[[ AVAILABLE DATA open ]]
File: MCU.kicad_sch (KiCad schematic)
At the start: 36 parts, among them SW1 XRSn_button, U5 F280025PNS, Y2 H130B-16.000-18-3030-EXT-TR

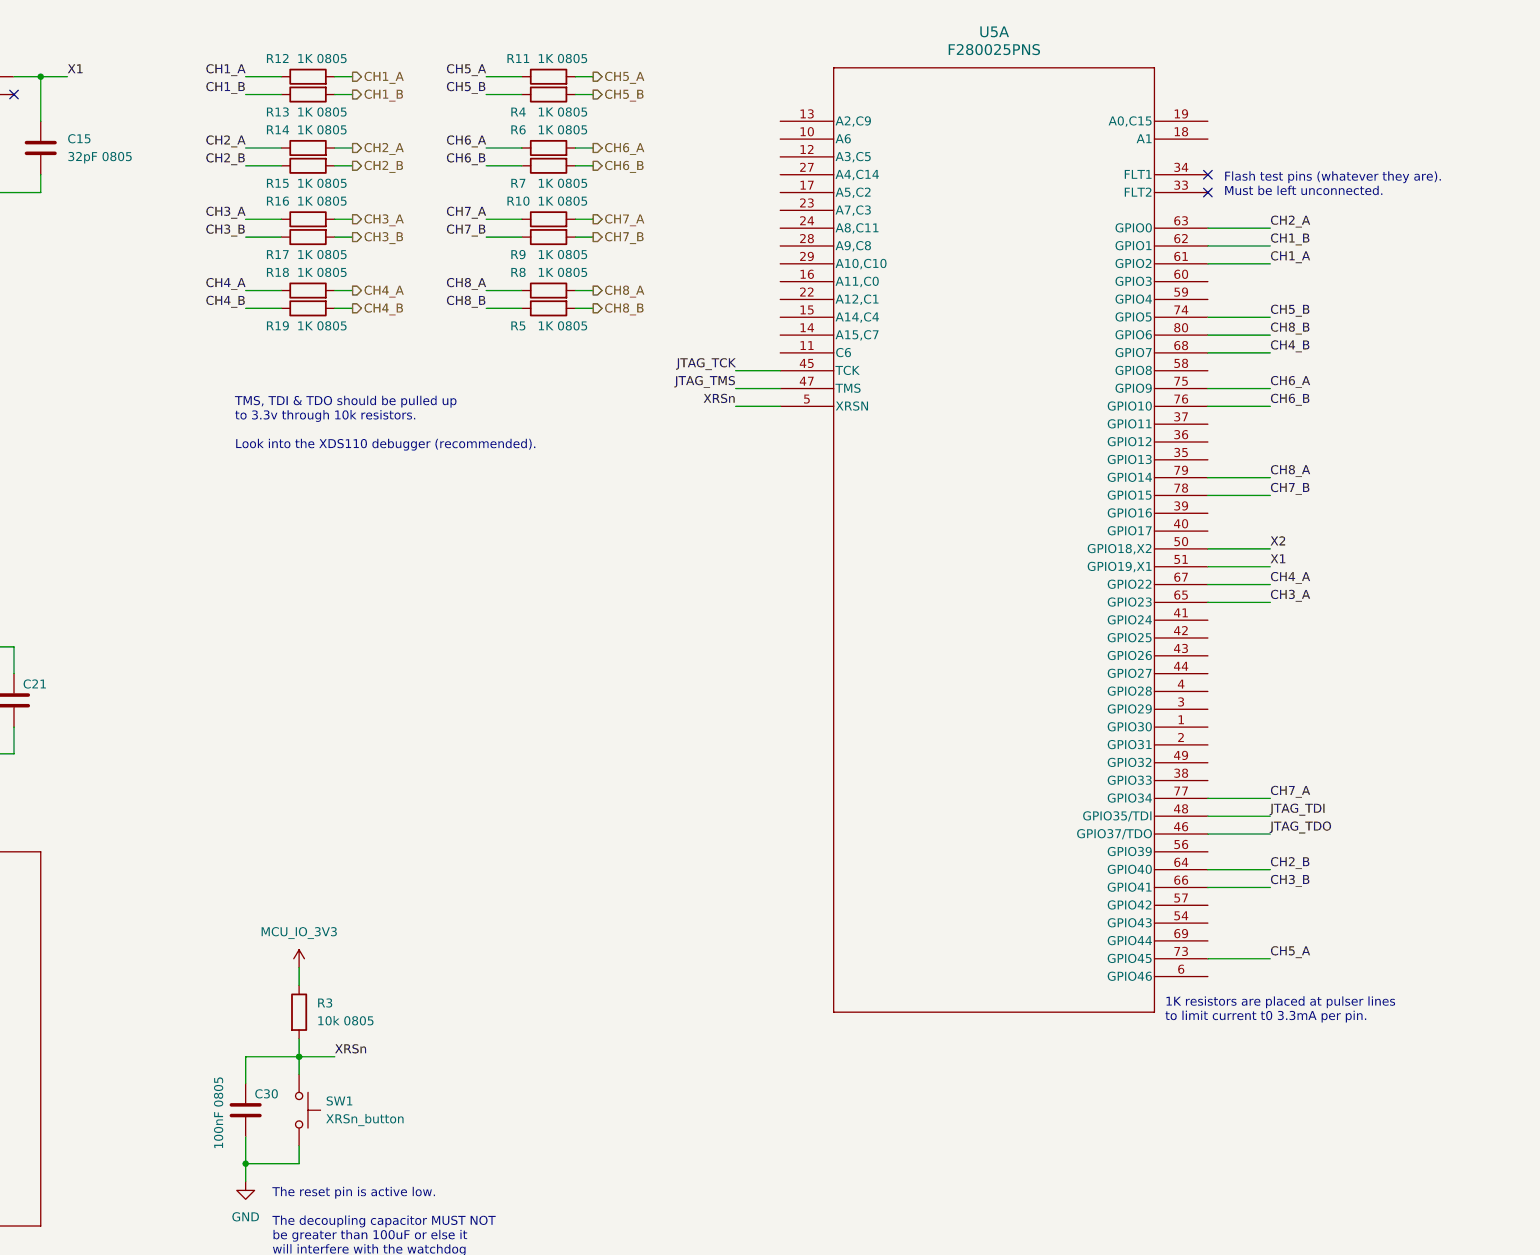
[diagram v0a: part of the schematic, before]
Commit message: finished pulser & mcu, receiver & power remaining
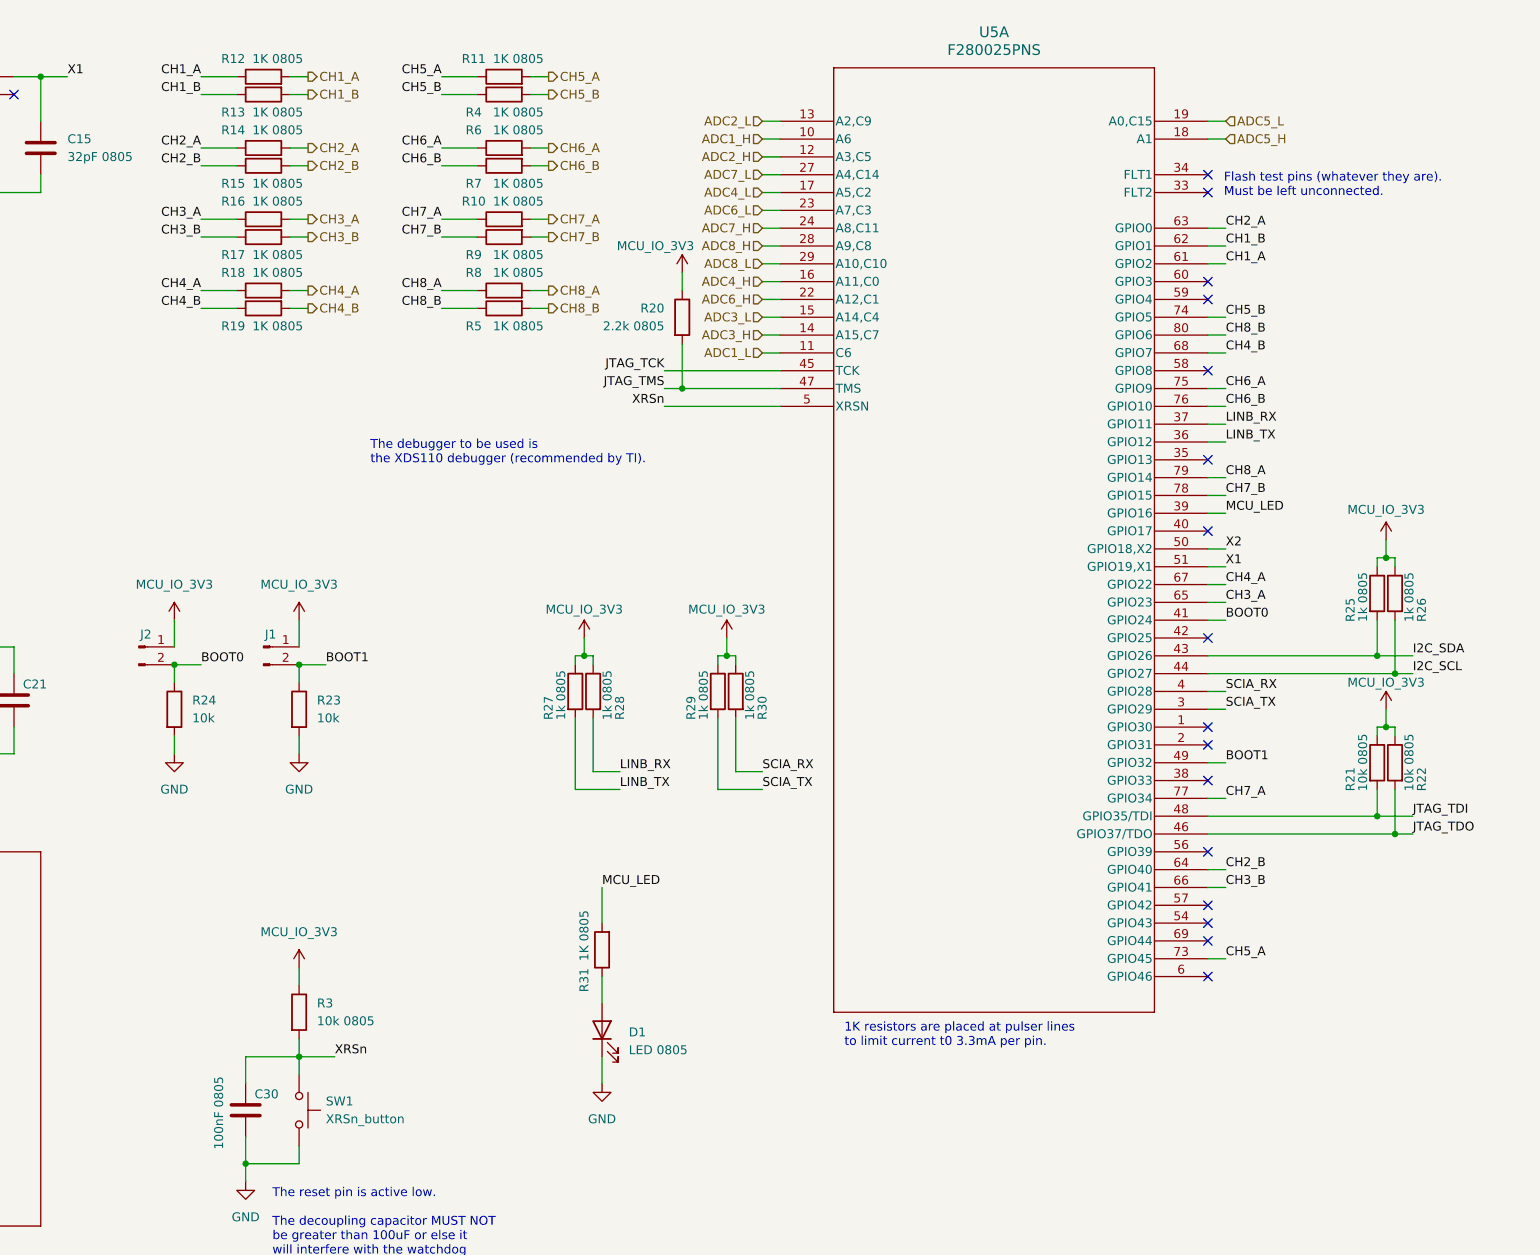
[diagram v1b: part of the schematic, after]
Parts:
- added D1: LED 0805, symbol Device:LED
- added J1, J2: Conn_01x02_Pin, symbol Connector:Conn_01x02_Pin
- added R20: 2.2k 0805, symbol Device:R
- added R21, R22: 10k 0805, symbol Device:R
- added R23, R24: 10k, symbol Device:R
- added R25, R26, R27, R28, R29, R30: 1k 0805, symbol Device:R
- added R31: 1K 0805, symbol Device:R
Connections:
- net GND: now also D1.1 (K), R23.2, R24.2
- net JTAG_TDI: now also R21.2
- net JTAG_TDO: now also R22.2
- net JTAG_TMS: now also R20.2
- net MCU_IO_3V3: now also J1.1 (Pin_1), J2.1 (Pin_1), R20.1, R21.1, R22.1, R25.1, R26.1, R27.1, R28.1, R29.1, R30.1
- net ADC1_H: now reaches U5.10 (A6)
- net ADC1_L: now reaches U5.11 (C6)
- net ADC2_H: now reaches U5.12 (A3,C5)
- net ADC2_L: now reaches U5.13 (A2,C9)
- net ADC3_H: now reaches U5.14 (A15,C7)
- net ADC3_L: now reaches U5.15 (A14,C4)
- net ADC4_H: now reaches U5.16 (A11,C0)
- net ADC4_L: now reaches U5.17 (A5,C2)
- net ADC5_H: now reaches U5.18 (A1)
- net ADC5_L: now reaches U5.19 (A0,C15)
- net ADC6_H: now reaches U5.22 (A12,C1)
- net ADC6_L: now reaches U5.23 (A7,C3)
- net ADC7_H: now reaches U5.24 (A8,C11)
- net ADC7_L: now reaches U5.27 (A4,C14)
- net ADC8_H: now reaches U5.28 (A9,C8)
- net ADC8_L: now reaches U5.29 (A10,C10)
- net SCIA_TX: now reaches U5.3 (GPIO29)
- net SCIA_TX: now also R29.2
- net LINB_TX: now reaches U5.36 (GPIO12)
- net LINB_TX: now also R27.2
- net LINB_RX: now reaches U5.37 (GPIO11)
- net LINB_RX: now also R28.2
- net MCU_LED: now reaches U5.39 (GPIO16)
- net MCU_LED: now also R31.2
- net SCIA_RX: now reaches U5.4 (GPIO28)
- net SCIA_RX: now also R30.2
- net BOOT0: now reaches U5.41 (GPIO24)
- net BOOT0: now also J2.2 (Pin_2), R24.1
- net I2C_SDA: now reaches U5.43 (GPIO26)
- net I2C_SDA: now also R25.2
- net I2C_SCL: now reaches U5.44 (GPIO27)
- net I2C_SCL: now also R26.2
- net BOOT1: now reaches U5.49 (GPIO32)
- net BOOT1: now also J1.2 (Pin_2), R23.1
- new net: D1.2 (A), R31.1
- no-connect marks 4 -> 18
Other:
- note added: "The debugger to be used is the XDS110 debugger (recommended by TI)."
- note removed: "TMS, TDI & TDO should be pulled up to 3.3v through 10k resistors. Look into the XDS110 debugger (recommended)."
- moved on the sheet: R10, R11, R12, R13, R14, R15, R16, R17, R18, R19, R4, R5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

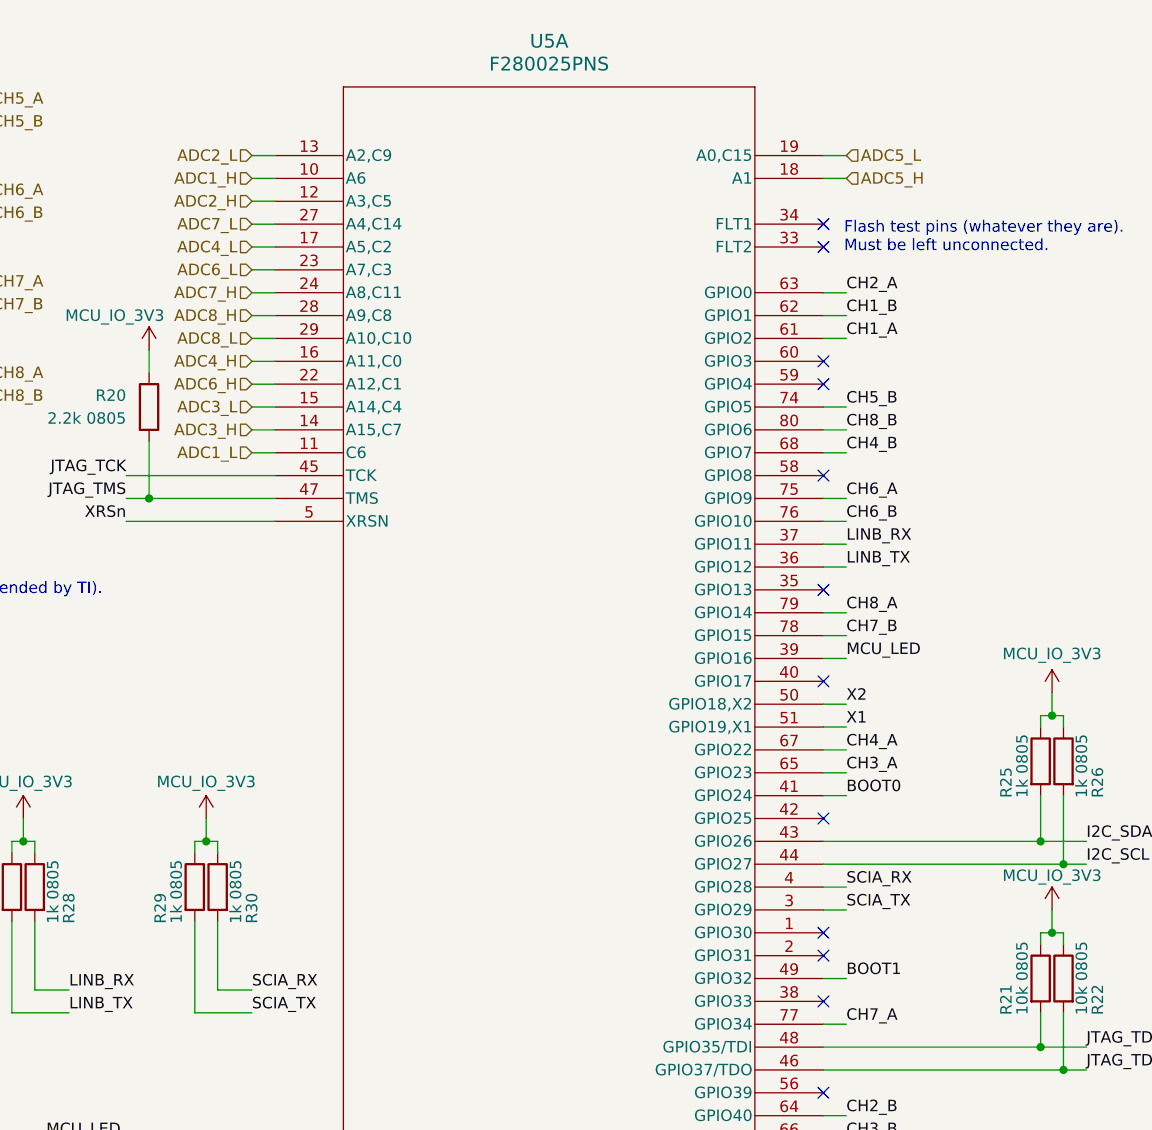
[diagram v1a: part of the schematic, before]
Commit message: converted diff signals to single-ended, modified pulser & MCU, power untouched
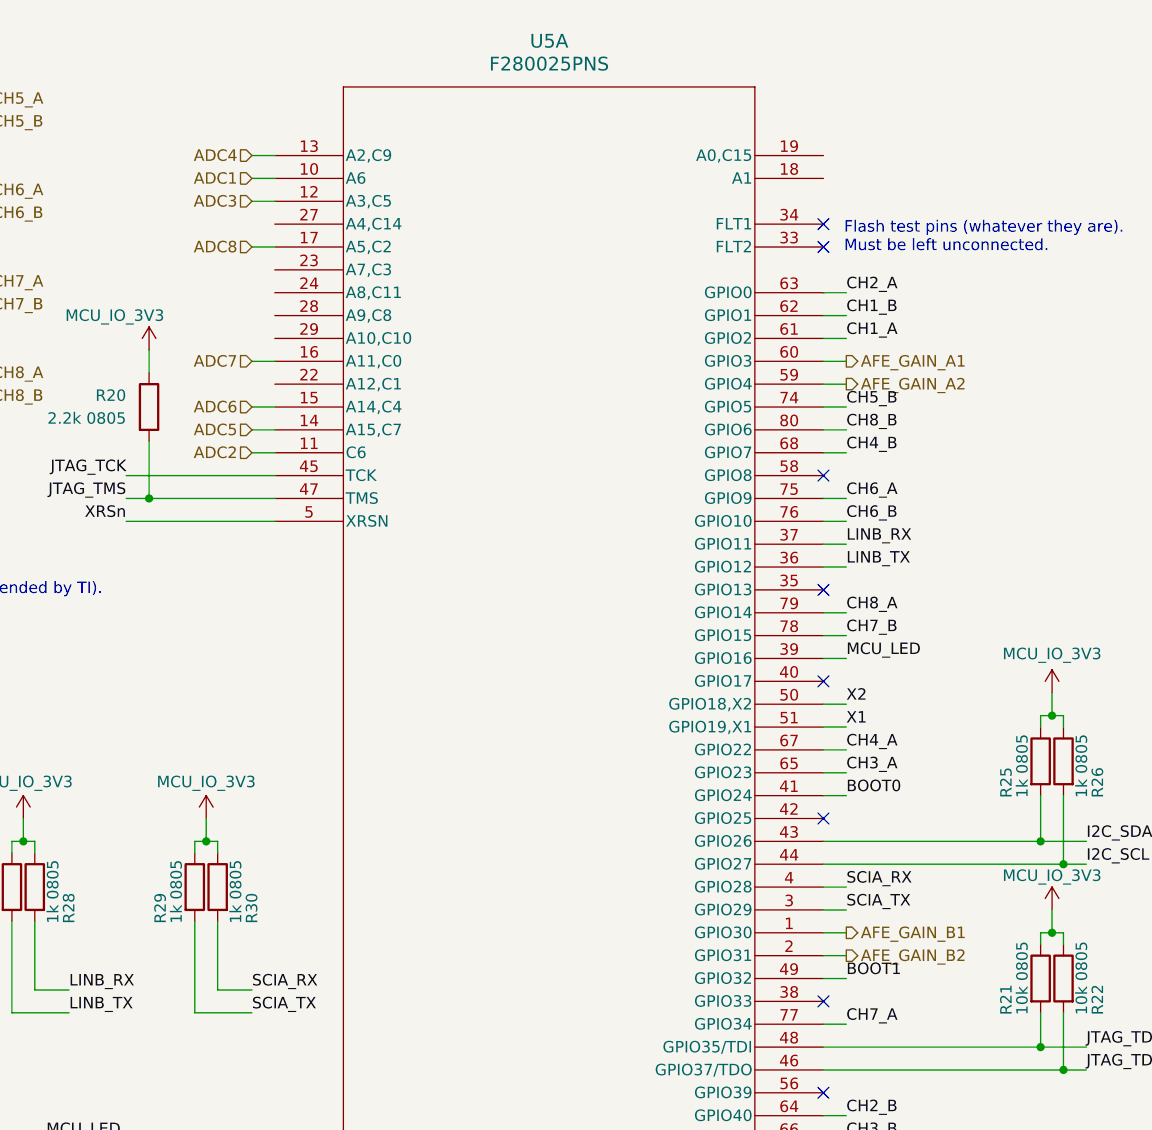
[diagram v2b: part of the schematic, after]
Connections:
- net AFE_GAIN_B1: now reaches U5.1 (GPIO30)
- net AFE_GAIN_B2: now reaches U5.2 (GPIO31)
- net AFE_GAIN_A2: now reaches U5.59 (GPIO4)
- net AFE_GAIN_A1: now reaches U5.60 (GPIO3)
- net ADC1_H renamed ADC1
- net ADC1_L renamed ADC2
- net ADC2_H renamed ADC3
- net ADC2_L renamed ADC4
- net ADC3_H renamed ADC5
- net ADC3_L renamed ADC6
- net ADC4_H renamed ADC7
- net ADC4_L renamed ADC8
- net ADC5_H: no longer names the net of U5.18 (A1)
- net ADC5_L: no longer names the net of U5.19 (A0,C15)
- net ADC6_H: no longer names the net of U5.22 (A12,C1)
- net ADC6_L: no longer names the net of U5.23 (A7,C3)
- net ADC7_H: no longer names the net of U5.24 (A8,C11)
- net ADC7_L: no longer names the net of U5.27 (A4,C14)
- net ADC8_H: no longer names the net of U5.28 (A9,C8)
- net ADC8_L: no longer names the net of U5.29 (A10,C10)
- no-connect marks 18 -> 14
[[ AVAILABLE DATA closed ]]
### TASK OBJECTIVE
Reproduce each line of the material in which the string "recommended" occurs.

### TASK OUTPUT
- note added: "The debugger to be used is the XDS110 debugger (recommended by TI)."
- note removed: "TMS, TDI & TDO should be pulled up to 3.3v through 10k resistors. Look into the XDS110 debugger (recommended)."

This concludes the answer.